* _Work to complete_:
Please say how many lines of the entries below contain the word "MUSCLE", and leave out everything else.

* _Material shown_:
<<<<
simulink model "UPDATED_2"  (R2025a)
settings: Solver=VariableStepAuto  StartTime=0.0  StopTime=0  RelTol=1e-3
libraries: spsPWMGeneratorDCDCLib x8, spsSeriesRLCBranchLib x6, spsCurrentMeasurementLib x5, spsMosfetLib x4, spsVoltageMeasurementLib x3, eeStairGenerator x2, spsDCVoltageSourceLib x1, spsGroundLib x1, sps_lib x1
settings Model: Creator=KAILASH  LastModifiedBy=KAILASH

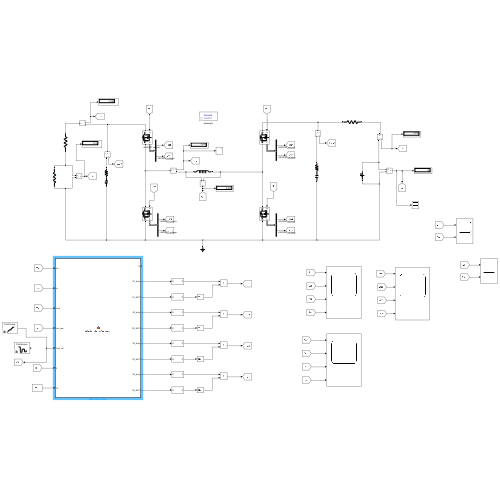
[thumbnail: Simulink's stored preview of the top-level diagram]
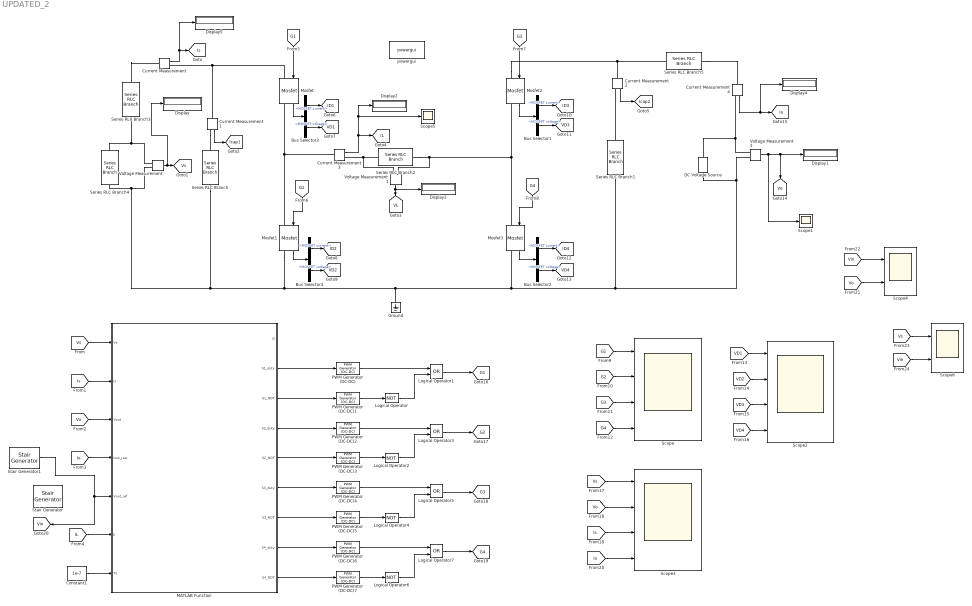
== system UPDATED_2 ==
  Bus Selector{1..4} (4 alike) : BusSelector  OutputSignals=MOSFET current,MOSFET voltage
  Constant1 : Constant  Value=1e-7
  Current Measurement{,1..4} (5 alike) : spsCurrentMeasurementLib/Current Measurement  PhasorSimulation=off  OutputType=Complex  PSBequivalent=0
  DC Voltage Source : spsDCVoltageSourceLib/DC Voltage Source  Amplitude=48  Measurements=Voltage
  Display{,1..5} (6 alike) : Display
  Ground : spsGroundLib/Ground  LConnTagsString=a
  Logical Operator{,2,4,6} (4 alike) : Logic  Operator=NOT  AllPortsSameDT=off  OutDataTypeStr=boolean
  Logical Operator{1,3,5,7} (4 alike) : Logic  Operator=OR  AllPortsSameDT=off  OutDataTypeStr=boolean
  MATLAB Function : MATLAB Function  TreatAsAtomicUnit=on
  Mosfet{,1..3} (4 alike) : spsMosfetLib/Mosfet  Ron=0.01  Lon=0  Rd=0.01  Vfd=0.8  IC=0  Rs=1e5  Cs=inf  Measurements=on
  PWM Generator (DC-DC){,1..7} (8 alike) : spsPWMGeneratorDCDCLib/PWM Generator (DC-DC)  Fsw=75e3  Ts=1e-7
  Scope : Scope  NumInputPorts=4
      settings: ActiveDisplayYMinimum=0.9  ActiveDisplayYMaximum=1.1
  Scope1 : Scope
      settings: ActiveDisplayYMinimum=-5.735151236633631  ActiveDisplayYMaximum=51.67637083167557
  Scope2 : Scope  NumInputPorts=4
      settings: ActiveDisplayYMinimum=-4.0101855999563254  ActiveDisplayYMaximum=36.044750018114769  DataLoggingVariableName=ScopeData2
  Scope3 : Scope  NumInputPorts=4
      settings: ActiveDisplayYMinimum=38  ActiveDisplayYMaximum=58  DataLoggingVariableName=ScopeData3
  Scope4 : Scope  NumInputPorts=2
      settings: ActiveDisplayYMinimum=-8.760106786096161  ActiveDisplayYMaximum=78.7511229762329  DataLoggingVariableName=ScopeData4
  Scope5 : Scope
      settings: ActiveDisplayYMinimum=-12.405117620742399  ActiveDisplayYMaximum=103.6893246645467  DataLoggingVariableName=ScopeData5
  Scope6 : Scope  NumInputPorts=2
      settings: ActiveDisplayYMinimum=-11.293274527726584  ActiveDisplayYMaximum=84.8994228584227  DataLoggingVariableName=ScopeData6
  Series RLC Branch : spsSeriesRLCBranchLib/Series RLC Branch  LConnTagsString=__new0  RConnTagsString=__new0  BranchType=RC  Resistance=0.001  Inductance=1e-3  SetiL0=off  InitialCurrent=0  Capacitance=488e-6  Setx0=off  InitialVoltage=48  Measurements=None
  Series RLC Branch1 : spsSeriesRLCBranchLib/Series RLC Branch  LConnTagsString=__new0  RConnTagsString=__new0  BranchType=RC  Resistance=0.01  Inductance=1e-3  SetiL0=off  InitialCurrent=0  Capacitance=488e-6  Setx0=off  InitialVoltage=36  Measurements=None
  Series RLC Branch2 : spsSeriesRLCBranchLib/Series RLC Branch  LConnTagsString=__new0  RConnTagsString=__new0  BranchType=L  Resistance=1  Inductance=200e-6  SetiL0=off  InitialCurrent=0  Capacitance=1e-6  Setx0=off  InitialVoltage=0  Measurements=None
  Series RLC Branch3 : spsSeriesRLCBranchLib/Series RLC Branch  LConnTagsString=__new0  RConnTagsString=__new0  BranchType=R  Resistance=1  Inductance=1e-3  SetiL0=off  InitialCurrent=0  Capacitance=1e-6  Setx0=off  InitialVoltage=0  Measurements=None
  Series RLC Branch4 : spsSeriesRLCBranchLib/Series RLC Branch  LConnTagsString=__new0  RConnTagsString=__new0  BranchType=R  Resistance=50  Inductance=1e-3  SetiL0=off  InitialCurrent=0  Capacitance=1e-6  Setx0=off  InitialVoltage=0  Measurements=None
  Series RLC Branch5 : spsSeriesRLCBranchLib/Series RLC Branch  LConnTagsString=__new0  RConnTagsString=__new0  BranchType=R  Resistance=1  Inductance=1e-3  SetiL0=off  InitialCurrent=0  Capacitance=1e-6  Setx0=off  InitialVoltage=0  Measurements=None
  Stair Generator : eeStairGenerator/Stair Generator  LabelModeActiveChoice=Continuous  TimeInput=[0.05 0.2 0.35 0.55 0.7]  AmplitudeInput=[90 6 55 12 36]  SampleTime=0  RepeatPattern=off  OutDataTypeStr=double
      settings: LibrarySourceBlock=ee_sl_lib/General Control/Stair Generator
  Stair Generator1 : eeStairGenerator/Stair Generator  LabelModeActiveChoice=Continuous  TimeInput=[0.05 0.2 0.35 0.55 0.7 0.85]  AmplitudeInput=[52 64 70 82 90 92]  SampleTime=0  RepeatPattern=off  OutDataTypeStr=double
      settings: LibrarySourceBlock=ee_sl_lib/General Control/Stair Generator
  Voltage Measurement : spsVoltageMeasurementLib/Voltage Measurement  PhasorSimulation=off  OutputType=Complex  PSBequivalent=0
  Voltage Measurement1 : spsVoltageMeasurementLib/Voltage Measurement  PhasorSimulation=off  OutputType=Complex  PSBequivalent=0
  Voltage Measurement2 : spsVoltageMeasurementLib/Voltage Measurement  PhasorSimulation=off  OutputType=Complex  PSBequivalent=0
  powergui : sps_lib/powergui  Priority=1  SimulationMode=Discrete  SampleTime=1e-7  frequency=60  Iterations=50  frequencyindice=0  Pbase=100e6  ErrMax=1e-4  UnitsV=kV  UnitsW=MW  buscounter=0  FunctionMessages=off  echomessages=off  EnableUseOfTLC=off  CurrentSourceSwitches=off  DisableSnubberDevices=off  DisableRonSwitches=off  DisableVfSwitches=off  DisplayEquations=off  AutomaticDiscreteSolvers=off  SolverType=Tustin/Backward Euler (TBE)  Interpol=off  ExternalGateDelay=off  methode=off  Ts=100  x0status=blocks  SPID=on  SwTol=0  HookPort=off  NonlinearTolerance=1e-4  nMaxIteration=100  ContinueOnMaxIteration=off  RestoreLinks=warning  ResistiveCurrentMeasurement=off  Frange=[0:2:500]  Ylog=off  Xlog=on  ShowGrid=off  save=off  variable=ZData  structure=0  ZoomFFT=off  StartTime=0.0  cycles=1  DisplayStyle=1  fundamental=60  FreqAxis=off  MaxFrequency=1000  frequencyindicesteady=1  RmsSteady=1  display=off
  tag scope: G1=global, G2=global, G3=global, G4=global, ID1=global, ID2=global, ID3=global, ID4=global, IL=global, Icap1=global, Icap2=global, Io=global, Is=global, VD1=global, VD2=global, VD3=global, VD4=global, VL=global, Vin=global, Vo=global, Vs=global
  wires:
  MATLAB Function/5(S2_NOT) -> PWM Generator (DC-DC)3/1
  Current Measurement1/1 -> [Icap1]
  Mosfet/1 -> Bus Selector3/1
  Bus Selector2/1 -> [ID4]  "<MOSFET current>"
  [G1] -> Scope/1
  MATLAB Function/7(S3_NOT) -> PWM Generator (DC-DC)5/1
  [Is] -> MATLAB Function/2(Is)
  MATLAB Function/8(S4_duty) -> PWM Generator (DC-DC)6/1
  [VD3] -> Scope2/3
  [Vo] -> Scope4/2
  PWM Generator (DC-DC)1/1 -> Logical Operator/1
  MATLAB Function/2(S1_duty) -> PWM Generator (DC-DC)/1
  PWM Generator (DC-DC)7/1 -> Logical Operator6/1
  Current Measurement3/1 -> [IL], Scope5/1, Display2/1
  Constant1/1 -> MATLAB Function/7(Ts)
  [Vo] -> MATLAB Function/3(Vout)
  Logical Operator7/1 -> [G4]
  Current Measurement/1 -> Display5/1, [Is]
  Mosfet1/1 -> Bus Selector4/1
  Logical Operator2/1 -> Logical Operator3/2
  [VD4] -> Scope2/4
  [G2] -> Mosfet1/1
  Logical Operator1/1 -> [G1]
  MATLAB Function/4(S2_duty) -> PWM Generator (DC-DC)2/1
  [G4] -> Scope/4
  MATLAB Function/3(S1_NOT) -> PWM Generator (DC-DC)1/1
  Voltage Measurement2/1 -> Scope1/1, [Vo], Display1/1
  PWM Generator (DC-DC)4/1 -> Logical Operator5/1
  Voltage Measurement/1 -> Display/1, [Vs]
  Bus Selector4/1 -> [ID2]  "<MOSFET current>"
  Logical Operator3/1 -> [G2]
  Mosfet2/1 -> Bus Selector1/1
  Bus Selector4/2 -> [VD2]  "<MOSFET voltage>"
  Logical Operator5/1 -> [G3]
  Stair Generator1/1 -> [Vin], MATLAB Function/5(Vout_ref)
  Current Measurement2/1 -> [Icap2]
  Current Measurement4/1 -> Display4/1, [Io]
  Logical Operator6/1 -> Logical Operator7/2
  [G1] -> Mosfet/1
  PWM Generator (DC-DC)2/1 -> Logical Operator3/1
  PWM Generator (DC-DC)/1 -> Logical Operator1/1
  PWM Generator (DC-DC)3/1 -> Logical Operator2/1
  Bus Selector3/1 -> [ID1]  "<MOSFET current>"
  [G2] -> Scope/2
  MATLAB Function/6(S3_duty) -> PWM Generator (DC-DC)4/1
  Voltage Measurement1/1 -> Display3/1, [VL]
  [Vs] -> Scope3/1
  [Io] -> Scope3/4
  [Vo] -> Scope3/2
  Bus Selector1/1 -> [ID3]  "<MOSFET current>"
  [Is] -> Scope3/3
  [IL] -> MATLAB Function/6(Il)
  Logical Operator4/1 -> Logical Operator5/2
  Logical Operator/1 -> Logical Operator1/2
  [VD1] -> Scope2/1
  [Io] -> MATLAB Function/4(Iout_raw)
  [Vin] -> Scope4/1
  [Vs] -> MATLAB Function/1(Vs)
  [G3] -> Mosfet2/1
  Bus Selector1/2 -> [VD3]  "<MOSFET voltage>"
  MATLAB Function/9(S4_NOT) -> PWM Generator (DC-DC)7/1
  Mosfet3/1 -> Bus Selector2/1
  PWM Generator (DC-DC)5/1 -> Logical Operator4/1
  Bus Selector3/2 -> [VD1]  "<MOSFET voltage>"
  [G3] -> Scope/3
  [VD2] -> Scope2/2
  Bus Selector2/2 -> [VD4]  "<MOSFET voltage>"
  [G4] -> Mosfet3/1
  PWM Generator (DC-DC)6/1 -> Logical Operator7/1
  [Vs] -> Scope6/1
  [Vin] -> Scope6/2
  connections:
  Mosfet3/RConn1 -- DC Voltage Source/LConn1 -- Voltage Measurement2/LConn2 -- Series RLC Branch1/RConn1 -- Ground/LConn1 -- Mosfet1/RConn1 -- Series RLC Branch/RConn1 -- Series RLC Branch4/RConn1 -- Voltage Measurement/LConn2
  Voltage Measurement1/LConn1 -- Current Measurement3/RConn1 -- Series RLC Branch2/LConn1
  Current Measurement3/LConn1 -- Mosfet/RConn1 -- Mosfet1/LConn1
  Mosfet2/LConn1 -- Series RLC Branch5/LConn1 -- Current Measurement2/LConn1
  Voltage Measurement2/LConn1 -- DC Voltage Source/RConn1 -- Current Measurement4/RConn1
  Voltage Measurement/LConn1 -- Series RLC Branch4/LConn1 -- Series RLC Branch3/LConn1
  Current Measurement1/LConn1 -- Current Measurement/RConn1 -- Mosfet/LConn1
  Voltage Measurement1/LConn2 -- Series RLC Branch2/RConn1 -- Mosfet2/RConn1 -- Mosfet3/LConn1
  Current Measurement1/RConn1 -- Series RLC Branch/LConn1
  Series RLC Branch3/RConn1 -- Current Measurement/LConn1
  Series RLC Branch5/RConn1 -- Current Measurement4/LConn1
  Series RLC Branch1/LConn1 -- Current Measurement2/RConn1

== matlab function UPDATED_2/MATLAB Function ==
  data: Vs input; Is input; D output; Vout input; Iout_raw input; Vout_ref input; Il input; Ts input; S1_duty output; S1_NOT output; S2_duty output; S2_NOT output; S3_duty output; S3_NOT output; S4_duty output; S4_NOT output
function [D, S1_duty, S1_NOT, S2_duty, S2_NOT, S3_duty, S3_NOT, S4_duty, S4_NOT] = biDirBuckBoostController(Vs, Is, Vout, Iout_raw, Vout_ref, Il, Ts)
% Streamlined Bidirectional Controller
% Features: Smart Auto-Startup, Hybrid Transition Logic, Perfect Discharge Mirror

%% ===================== 1. GLOBAL LIMITS & SETTINGS =====================
D_MAX = 1.0;
D_MIN = 0.0;
V_HYST = 3.0;
I_DEADBAND = 0.1;
I_TARGET_MAX = 50.0;
I_TARGET_MIN = -50.0;

%% ===================== 2. PERSISTENT MEMORY (STATE VARIABLES) =====================
persistent is_charging_state
persistent v_int_chg i_int_chg
persistent v_int_dis i_int_dis R_est_prev
persistent prev_Vout_ref was_falling
persistent prev_Vref_led was_falling_dis 

% --- STATIC INITIALIZATION ---
if isempty(v_int_chg), v_int_chg = 0.0; end
if isempty(i_int_chg), i_int_chg = 0.0; end
if isempty(v_int_dis), v_int_dis = 0; end
if isempty(i_int_dis), i_int_dis = 0; end
if isempty(R_est_prev), R_est_prev = 3.0;end
if isempty(prev_Vout_ref), prev_Vout_ref = 0.0; end
if isempty(was_falling), was_falling = false; end
if isempty(prev_Vref_led), prev_Vref_led = 0.0; end
if isempty(was_falling_dis), was_falling_dis = false; end

% --- SMART AUTO-STARTUP (Fixes the Mode-Switching Spike at t=0) ---
if isempty(is_charging_state)
    if Vout > Vs + 5.0
        is_charging_state = false; % Battery is on Vout -> Start in Discharge!
    else
        is_charging_state = true;  % Battery is on Vs -> Start in Charge!
    end
end

%% ===================== 3. AUTO-MODE DETECTION =====================
if is_charging_state == true
    if Il < -I_DEADBAND
        is_charging_state = false;
    end
else
    if Il > I_DEADBAND
        is_charging_state = true;
    end
end
is_charging = is_charging_state;

%% ===================== 4. MODE 1: CHARGE CONTROL (Vs -> Vout) =====================
if is_charging
    % --- TOPOLOGY DETECTION ---
    if Vs > Vout_ref + V_HYST
        current_topology = 1; % BUCK
    elseif Vs < Vout_ref - V_HYST
        current_topology = 2; % BOOST
    else
        current_topology = 3; % BUCK-BOOST
    end
    
    % --- LOGIC 1: THE DEPARTURE "MUSCLE" (For Stepping UP) ---
    if abs(Vout_ref - prev_Vout_ref) > 1.0
        if Vout_ref < prev_Vout_ref
            was_falling = true; % Arm the catch for the down-step parachute
        else
            % Stepping UP:
            % ONLY reset if we are crossing from BUCK/OFF into BOOST.
            % If we are already inside the BOOST region, DO NOT RESET!
            if current_topology == 2 && prev_Vout_ref <= Vs + V_HYST
                i_int_chg = 0.0;
                v_int_chg = 1.0;
            end
        end
    end
    prev_Vout_ref = Vout_ref;
    v_err = Vout_ref - Vout;
    
    % --- LOGIC 2: THE ARRIVAL "CATCH" (For Stepping DOWN) ---
    if was_falling && v_err >= 0
        % Voltage landed on the target! Deploy the parachute math.
        v_int_chg = Iout_raw;
        if current_topology == 1 % BUCK
            i_int_chg = Vout_ref / Vs; % Inject exact duty cycle needed
        else % BOOST
            i_int_chg = max(0, 1 - (Vs / max(Vout_ref, 1e-3)));
        end
        was_falling = false; % Disarm catch
    end
    
    % --- UNIFIED CHARGE GAINS ---
    Kp_v = 0.02; Ki_v = 1.0;
    Kp_i = 0.10; Ki_i = 40.0;
    
    % --- Outer Voltage Loop ---
    v_P = Kp_v * v_err;
    I_unsat = v_P + v_int_chg;
    I_target = min(max(I_unsat, I_TARGET_MIN), I_TARGET_MAX);
    v_I_step = Ki_v * v_err * Ts;
    
    if (I_unsat > I_TARGET_MAX && v_err > 0) || (I_unsat < I_TARGET_MIN && v_err < 0)
        % Clamped
    else
        v_int_chg = v_int_chg + v_I_step;
    end
    
    % --- Inner Current Loop ---
    i_err = I_target - Iout_raw;
    i_P = Kp_i * i_err;
    D_unsat = i_P + i_int_chg;
    D = min(max(D_unsat, D_MIN), D_MAX);
    i_I_step = Ki_i * i_err * Ts;
    
    if (D_unsat > D_MAX && i_err > 0) || (D_unsat < D_MIN && i_err < 0)
        % Clamped
    else
        i_int_chg = i_int_chg + i_I_step;
    end
    
    % --- Dynamic Charge Switch Mapping ---
    if current_topology == 1 % BUCK
        S1_duty = D; S1_NOT = 1.0; S2_duty = 0.0; S2_NOT = D;
        S3_duty = 1.0; S3_NOT = 1.0; S4_duty = 0.0; S4_NOT = 1.0;
    elseif current_topology == 2 % BOOST
        S1_duty = 1.0; S1_NOT = 1.0; S2_duty = 0.0; S2_NOT = 1.0;
        S3_duty = 0.0; S3_NOT = D; S4_duty = D; S4_NOT = 1.0;
    else % TRANSITION
        S1_duty = D; S1_NOT = 1.0; S2_duty = 0.0; S2_NOT = D;
        S3_duty = 0.0; S3_NOT = D; S4_duty = D; S4_NOT = 1.0;
    end
    return;
    
%% ===================== 5. MODE 2: DISCHARGE CONTROL (Vout -> Vs) =====================
else
    % Discharge targets (Now perfectly tracking the stair generator)
    Vref_led = Vout_ref;

    % Reverse the measurement perspectives
    I_load_raw = -Is;
    V_load = Vs;
    V_batt = Vout;

    % --- REVERSE TOPOLOGY DETECTION ---
    if V_batt > Vref_led + V_HYST
        current_topology_dis = 1; % REVERSE BUCK
    elseif V_batt < Vref_led - V_HYST
        current_topology_dis = 2; % REVERSE BOOST
    else
        current_topology_dis = 3; % REVERSE BUCK-BOOST
    end

    % --- LOGIC 1: THE DEPARTURE "MUSCLE" (For Stepping UP Reverse Voltage) ---
    if abs(Vref_led - prev_Vref_led) > 1.0
        if Vref_led < prev_Vref_led
            was_falling_dis = true; % Arm the catch for the down-step parachute
        else
            % Stepping UP: ONLY reset if crossing into Reverse Boost.
            if current_topology_dis == 2 && prev_Vref_led <= V_batt + V_HYST
                i_int_dis = 0.0;
                v_int_dis = 1.0;
            end
        end
    end
    prev_Vref_led = Vref_led;
    v_err = Vref_led - V_load;

    % --- LOGIC 2: THE ARRIVAL "CATCH" (For Stepping DOWN Reverse Voltage) ---
    if was_falling_dis && v_err >= 0
        % Voltage landed on target!
        v_int_dis = I_load_raw;
        if current_topology_dis == 1 % REVERSE BUCK
            i_int_dis = Vref_led / V_batt;
        else % REVERSE BOOST
            i_int_dis = max(0, 1 - (V_batt / max(Vref_led, 1e-3)));
        end
        was_falling_dis = false;
    end

    % --- DISCHARGE GAINS (Identical Mirror of Charge) ---
    Kp_v_dis = 0.02; Ki_v_dis = 1.0;
    Kp_i_dis = 0.10; Ki_i_dis = 40.0;

    % --- Outer Voltage Loop (Reverse) ---
    v_P = Kp_v_dis * v_err;
    I_unsat = v_P + v_int_dis;
    I_target = min(max(I_unsat, I_TARGET_MIN), I_TARGET_MAX);
    v_I_step = Ki_v_dis * v_err * Ts;
    if (I_unsat > I_TARGET_MAX && v_err > 0) || (I_unsat < I_TARGET_MIN && v_err < 0)
        % Clamped
    else
        v_int_dis = v_int_dis + v_I_step;
    end

    % --- Inner Current Loop (Reverse) ---
    i_err = I_target - I_load_raw;
    i_P = Kp_i_dis * i_err;
    D_unsat = i_P + i_int_dis;
    D = min(max(D_unsat, D_MIN), D_MAX);
    i_I_step = Ki_i_dis * i_err * Ts;
    if (D_unsat > D_MAX && i_err > 0) || (D_unsat < D_MIN && i_err < 0)
        % Clamped
    else
        i_int_dis = i_int_dis + i_I_step;
    end

    % --- Dynamic Reverse Switch Mapping ---
    if current_topology_dis == 1 % REVERSE BUCK
        S1_duty = 1.0; S1_NOT = 1.0; S2_duty = 0.0; S2_NOT = 1.0;
        S3_duty = D;   S3_NOT = 1.0; S4_duty = 0.0; S4_NOT = D;
    elseif current_topology_dis == 2 % REVERSE BOOST
        S1_duty = 0.0; S1_NOT = D;   S2_duty = D;   S2_NOT = 1.0;
        S3_duty = 1.0; S3_NOT = 1.0; S4_duty = 0.0; S4_NOT = 1.0;
    else % TRANSITION
        S1_duty = 0.0; S1_NOT = D;   S2_duty = D;   S2_NOT = 1.0;
        S3_duty = D;   S3_NOT = 1.0; S4_duty = 0.0; S4_NOT = D;
    end
    return;
end
end
>>>>
* _Output of the task_:
2